Oh yes! Her markings are getting more pronounced! What a cute little face!!!!!


----------



## poodlecrazy#1 (Jul 2, 2013)

Wow she really is getting a lot more phantom coloring! She is a doll! 


Sent from Petguide.com Free App


----------



## Beaches (Jan 25, 2014)

Beautiful wee girl. I still like Ivy.


----------



## Theo'sMom (Mar 23, 2011)

Very pretty markings! So cute!


----------



## Chagall's mom (Jan 9, 2010)

Her phantom markings_ do_ seem to be spreading like ivy on the vine!


----------



## hopetocurl (Jan 8, 2014)

So adorable... Love the phantom markings!!

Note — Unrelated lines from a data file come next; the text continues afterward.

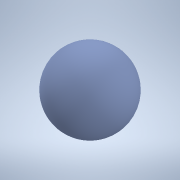
# Autodesk Inventor part: ball
Saved by Autodesk Inventor 2020 (Build 240168000, 168)
## iProperties
Created: 2020-06-27
Part Number: ball
Material: ゴム
Document SubType Name: Modeling
Designer: haya
Density: 0.93 g/cm^3
Appearance: ゴム - 青
Author: haya
Autodesk Inventor part; units mm, degrees
ref_plane "YZ Plane" through (0, 0, 0) normal (1, 0, 0) x (0, 1, 0)
ref_plane "XZ Plane" through (0, 0, 0) normal (0, 1, 0) x (-1, 0, 0)
ref_plane "XY Plane" through (0, 0, 0) normal (0, 0, 1) x (1, 0, 0)
sketch "スケッチ1" plane through (0, 0, 0) normal (0, 0, 1) x (1, 0, 0)
  arc A0 (0, -32.5) -> (0, 32.5) centre (0, 0) ccw
  line L0 (0, 0) -> (0, 32.5)
  line L1 (0, 0) -> (0, -32.5)
  dimension "d0" = 65
  constraints: 4 end point, 2 point on circle, 1 centre point, 1 coincident, 1 point on line, 1 vertical
  measures "d0" diameter of A0
revolve "回転1" add sketch "スケッチ1" angle 360 about axis through (0, 0, 0) along (0, 1, 0)
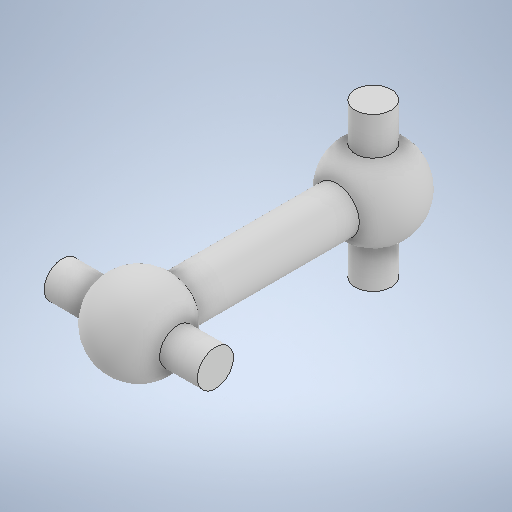
# Autodesk Inventor part: wal
Saved by Autodesk Inventor 2025.2 (Build 292293000, 293)
## iProperties
Created: 2025-05-31
Part Number: wal
Material: Ogólny
Document SubType Name: Modeling
Designer: janla
Density: 1 g/cm^3
Appearance: Domyślna
Author: janla
Autodesk Inventor part; units mm, degrees
ref_plane "YZ Plane" through (0, 0, 0) normal (1, 0, 0) x (0, 1, 0)
ref_plane "XZ Plane" through (0, 0, 0) normal (0, 1, 0) x (-1, 0, 0)
ref_plane "XY Plane" through (0, 0, 0) normal (0, 0, 1) x (1, 0, 0)
sketch "Szkic1" plane through (0, 0, 0) normal (0, 1, 0) x (-1, 0, 0)
  arc A0 (-4.75, 0) -> (4.75, 0) centre (0, 0) ccw
  line L0 (4.75, 0) -> (-4.75, 0)
  dimension "d0" = 9.5
  constraints: 2 end point, 2 point on circle, 1 centre point, 1 coincident, 1 horizontal
  measures "d0" diameter of A0
revolve "Obrót1" add sketch "Szkic1" angle 360 about axis through (-4.75, 0, 0) along (1, 0, 0)
sketch "Szkic2" plane through (0, 0, 0) normal (0, 1, 0) x (-1, 0, 0)
  line L0 (0, 0) -> (0, -26)
  arc A0 (-4.75, -26) -> (4.75, -26) centre (0, -26) ccw
  line L1 (-4.75, -26) -> (4.75, -26)
  dimension "d2" = 26
  dimension "d3" = 9.5
  constraints: 4 end point, 2 point on circle, 1 centre point, 1 coincident, 1 horizontal, 1 vertical
  measures "d2" distance of L0.start L0.end
  measures "d3" diameter of A0
revolve "Obrót2" add sketch "Szkic2" angle 360 about axis through (4.75, 0, -26) along (-1, 0, 0)
sketch "Szkic3" plane through (0, 0, 0) normal (0, 0, 1) x (1, 0, 0)
  circle A0 centre (0, 0) radius 2.5
  dimension "d5" = 5
  constraints: 1 centre point, 1 coincident
  measures "d5" diameter of A0
extrude "Wyciągnięcie proste1" add sketch "Szkic3" against normal blind 26
sketch "Szkic4" plane through (0, 0, 0) normal (1, 0, 0) x (0, 1, 0)
  circle A0 centre (0, 0) radius 2
  circle A1 centre (0, 0) radius 2
  dimension "d8" = 4
  dimension "d11" = 4
  constraints: 2 centre point, 2 coincident
  measures "d8" diameter of A0
  measures "d11" diameter of A1
extrude "Wyciągnięcie proste2" add sketch "Szkic4" along normal mid plane 17
sketch "Szkic5" plane through (0, 0, 0) normal (0, 1, 0) x (-1, 0, 0)
  line L0 (0, 0) -> (0, -26)
  circle A0 centre (0, -26) radius 2
  dimension "d12" = 26
  dimension "d13" = 4
  constraints: 2 end point, 1 centre point, 1 coincident, 1 vertical
  measures "d12" distance of L0.start L0.end
  measures "d13" diameter of A0
extrude "Wyciągnięcie proste3" add sketch "Szkic5" along normal mid plane 17

Sent from Petguide.com Free App


----------



## Grandma's Boys (Feb 28, 2014)

She loves to play with everything, even my uniform pants after work yesterday.


----------



## Grandma's Boys (Feb 28, 2014)

Willow is going to be a real beauty, I can't wait til you get her home and can share lots of pictures. My cousin has an apricot mini 12 years old and he is such a lovely dark color.


----------



## meo (8 mo ago)

Are you able to post any new pics of your dog? It's difficult to see phantom markings over the progression from pup to older dog? It would be cute to see!


----------



## PeggyTheParti (Sep 5, 2019)

Hi @meo - This is another very old thread where the original poster hasn’t been back in close to a decade. Definitely take Rose’s advice and peruse the Poodle Rainbow sub-forum. You can also start a new thread asking for photos from current members.

Welcome.


----------